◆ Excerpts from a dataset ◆

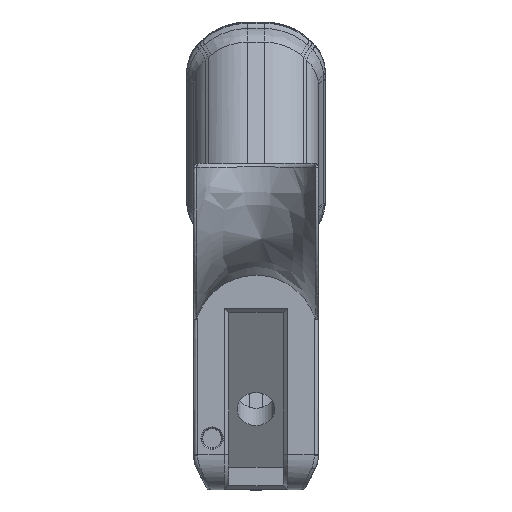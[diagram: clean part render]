
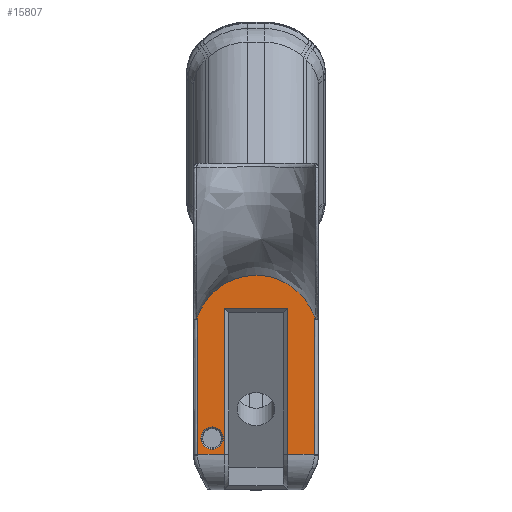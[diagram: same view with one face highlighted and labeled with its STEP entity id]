
A CAD part, top view. The second image highlights one B-rep face of the part: STEP entity #15807.
In plain terms, the highlighted planar face has unit normal (0, 0, 1).
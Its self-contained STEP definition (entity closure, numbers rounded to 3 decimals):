
#673=B_SPLINE_CURVE_WITH_KNOTS('',3,(#37954,#37955,#37956,#37957,#37958,
#37959,#37960,#37961,#37962,#37963,#37964,#37965),.UNSPECIFIED.,.F.,.F.,
(4,2,2,2,2,4),(1.71,1.762,2.19,2.624,
3.022,3.106),.UNSPECIFIED.);
#674=B_SPLINE_CURVE_WITH_KNOTS('',3,(#37967,#37968,#37969,#37970,#37971,
#37972,#37973,#37974,#37975,#37976),.UNSPECIFIED.,.F.,.F.,(4,2,2,2,4),(0.313,
0.444,0.89,1.331,1.71),
 .UNSPECIFIED.);
#727=B_SPLINE_CURVE_WITH_KNOTS('',3,(#39650,#39651,#39652,#39653),
 .UNSPECIFIED.,.F.,.F.,(4,4),(-2.445,-0.005),
 .UNSPECIFIED.);
#729=B_SPLINE_CURVE_WITH_KNOTS('',3,(#39761,#39762,#39763,#39764),
 .UNSPECIFIED.,.F.,.F.,(4,4),(-7.406,-4.966),
 .UNSPECIFIED.);
#1639=FACE_BOUND('',#4707,.T.);
#2454=CIRCLE('',#17283,2.);
#3603=FACE_OUTER_BOUND('',#4706,.T.);
#4706=EDGE_LOOP('',(#14201,#14202,#14203,#14204,#14205,#14206,#14207,#14208,
#14209));
#4707=EDGE_LOOP('',(#14210));
#5472=LINE('',#37829,#6207);
#5478=LINE('',#37840,#6213);
#5483=LINE('',#37858,#6218);
#5490=LINE('',#39758,#6225);
#5491=LINE('',#39760,#6226);
#6207=VECTOR('',#20745,10.);
#6213=VECTOR('',#20755,10.);
#6218=VECTOR('',#20768,10.);
#6225=VECTOR('',#20829,10.);
#6226=VECTOR('',#20830,10.);
#7397=VERTEX_POINT('',#37827);
#7398=VERTEX_POINT('',#37828);
#7401=VERTEX_POINT('',#37839);
#7405=VERTEX_POINT('',#37857);
#7412=VERTEX_POINT('',#37948);
#7413=VERTEX_POINT('',#37953);
#7414=VERTEX_POINT('',#37966);
#7460=VERTEX_POINT('',#39757);
#7461=VERTEX_POINT('',#39759);
#7462=VERTEX_POINT('',#39765);
#9639=EDGE_CURVE('',#7397,#7398,#5472,.T.);
#9645=EDGE_CURVE('',#7401,#7397,#5478,.T.);
#9652=EDGE_CURVE('',#7405,#7398,#5483,.T.);
#9660=EDGE_CURVE('',#7413,#7412,#673,.T.);
#9661=EDGE_CURVE('',#7414,#7413,#674,.T.);
#9738=EDGE_CURVE('',#7405,#7412,#727,.T.);
#9740=EDGE_CURVE('',#7460,#7401,#5490,.T.);
#9741=EDGE_CURVE('',#7461,#7460,#5491,.T.);
#9742=EDGE_CURVE('',#7414,#7461,#729,.T.);
#9743=EDGE_CURVE('',#7462,#7462,#2454,.T.);
#14201=ORIENTED_EDGE('',*,*,#9660,.T.);
#14202=ORIENTED_EDGE('',*,*,#9738,.F.);
#14203=ORIENTED_EDGE('',*,*,#9652,.T.);
#14204=ORIENTED_EDGE('',*,*,#9639,.F.);
#14205=ORIENTED_EDGE('',*,*,#9645,.F.);
#14206=ORIENTED_EDGE('',*,*,#9740,.F.);
#14207=ORIENTED_EDGE('',*,*,#9741,.F.);
#14208=ORIENTED_EDGE('',*,*,#9742,.F.);
#14209=ORIENTED_EDGE('',*,*,#9661,.T.);
#14210=ORIENTED_EDGE('',*,*,#9743,.F.);
#14774=PLANE('',#17282);
#15807=ADVANCED_FACE('',(#3603,#1639),#14774,.T.);
#17282=AXIS2_PLACEMENT_3D('',#39756,#20827,#20828);
#17283=AXIS2_PLACEMENT_3D('',#39766,#20831,#20832);
#20745=DIRECTION('',(0.,-1.,0.));
#20755=DIRECTION('',(-1.,0.,0.));
#20768=DIRECTION('',(1.,0.,0.));
#20827=DIRECTION('center_axis',(0.,0.,
1.));
#20828=DIRECTION('ref_axis',(0.,-1.,0.));
#20829=DIRECTION('',(0.,1.,0.));
#20830=DIRECTION('',(-1.,0.,0.));
#20831=DIRECTION('center_axis',(0.,0.,
1.));
#20832=DIRECTION('ref_axis',(1.,0.,0.));
#37827=CARTESIAN_POINT('',(18.417,-117.318,28.406));
#37828=CARTESIAN_POINT('',(18.417,-143.468,28.406));
#37829=CARTESIAN_POINT('',(18.417,-114.618,28.406));
#37839=CARTESIAN_POINT('',(29.746,-117.318,28.406));
#37840=CARTESIAN_POINT('',(24.173,-117.318,28.406));
#37857=CARTESIAN_POINT('',(13.65,-143.468,28.406));
#37858=CARTESIAN_POINT('',(28.956,-143.468,28.406));
#37948=CARTESIAN_POINT('',(13.518,-119.073,28.406));
#37953=CARTESIAN_POINT('',(24.081,-111.416,28.406));
#37954=CARTESIAN_POINT('Ctrl Pts',(24.081,-111.416,28.406));
#37955=CARTESIAN_POINT('Ctrl Pts',(23.907,-111.416,28.406));
#37956=CARTESIAN_POINT('Ctrl Pts',(23.733,-111.42,28.406));
#37957=CARTESIAN_POINT('Ctrl Pts',(22.136,-111.497,28.406));
#37958=CARTESIAN_POINT('Ctrl Pts',(20.743,-111.842,28.406));
#37959=CARTESIAN_POINT('Ctrl Pts',(18.138,-113.053,28.406));
#37960=CARTESIAN_POINT('Ctrl Pts',(16.956,-113.915,28.406));
#37961=CARTESIAN_POINT('Ctrl Pts',(15.066,-115.943,28.406));
#37962=CARTESIAN_POINT('Ctrl Pts',(14.34,-117.063,28.406));
#37963=CARTESIAN_POINT('Ctrl Pts',(13.71,-118.541,28.406));
#37964=CARTESIAN_POINT('Ctrl Pts',(13.609,-118.805,28.406));
#37965=CARTESIAN_POINT('Ctrl Pts',(13.518,-119.073,28.406));
#37966=CARTESIAN_POINT('',(34.645,-119.073,28.406));
#37967=CARTESIAN_POINT('Ctrl Pts',(34.645,-119.073,28.406));
#37968=CARTESIAN_POINT('Ctrl Pts',(34.504,-118.659,28.406));
#37969=CARTESIAN_POINT('Ctrl Pts',(34.339,-118.252,28.406));
#37970=CARTESIAN_POINT('Ctrl Pts',(33.514,-116.514,28.406));
#37971=CARTESIAN_POINT('Ctrl Pts',(32.621,-115.308,28.406));
#37972=CARTESIAN_POINT('Ctrl Pts',(30.434,-113.323,28.406));
#37973=CARTESIAN_POINT('Ctrl Pts',(29.164,-112.556,28.406));
#37974=CARTESIAN_POINT('Ctrl Pts',(26.592,-111.634,28.406));
#37975=CARTESIAN_POINT('Ctrl Pts',(25.341,-111.416,28.406));
#37976=CARTESIAN_POINT('Ctrl Pts',(24.081,-111.416,28.406));
#39650=CARTESIAN_POINT('Ctrl Pts',(13.65,-143.468,28.406));
#39651=CARTESIAN_POINT('Ctrl Pts',(13.606,-135.336,28.406));
#39652=CARTESIAN_POINT('Ctrl Pts',(13.562,-127.206,28.406));
#39653=CARTESIAN_POINT('Ctrl Pts',(13.518,-119.073,28.406));
#39756=CARTESIAN_POINT('Origin',(19.207,-112.624,28.406));
#39757=CARTESIAN_POINT('',(29.746,-143.468,28.406));
#39758=CARTESIAN_POINT('',(29.746,-114.618,28.406));
#39759=CARTESIAN_POINT('',(34.513,-143.468,28.406));
#39760=CARTESIAN_POINT('',(19.207,-143.468,28.406));
#39761=CARTESIAN_POINT('Ctrl Pts',(34.645,-119.073,28.406));
#39762=CARTESIAN_POINT('Ctrl Pts',(34.601,-127.206,28.406));
#39763=CARTESIAN_POINT('Ctrl Pts',(34.557,-135.336,28.406));
#39764=CARTESIAN_POINT('Ctrl Pts',(34.513,-143.468,28.406));
#39765=CARTESIAN_POINT('',(14.205,-140.572,28.406));
#39766=CARTESIAN_POINT('Origin',(16.205,-140.572,28.406));

◆ Work required ◆
Above are the records. Copy the lines beginning at the one that has "#37953=CARTESIAN_POINT('',(24.081,-111.416,28.406));" and ending with the one that has "#37957=CARTESIAN_POINT('Ctrl Pts',(22.136,-111.497,28.406));", unchanged.

◆ Solution to the exercise ◆
#37953=CARTESIAN_POINT('',(24.081,-111.416,28.406));
#37954=CARTESIAN_POINT('Ctrl Pts',(24.081,-111.416,28.406));
#37955=CARTESIAN_POINT('Ctrl Pts',(23.907,-111.416,28.406));
#37956=CARTESIAN_POINT('Ctrl Pts',(23.733,-111.42,28.406));
#37957=CARTESIAN_POINT('Ctrl Pts',(22.136,-111.497,28.406));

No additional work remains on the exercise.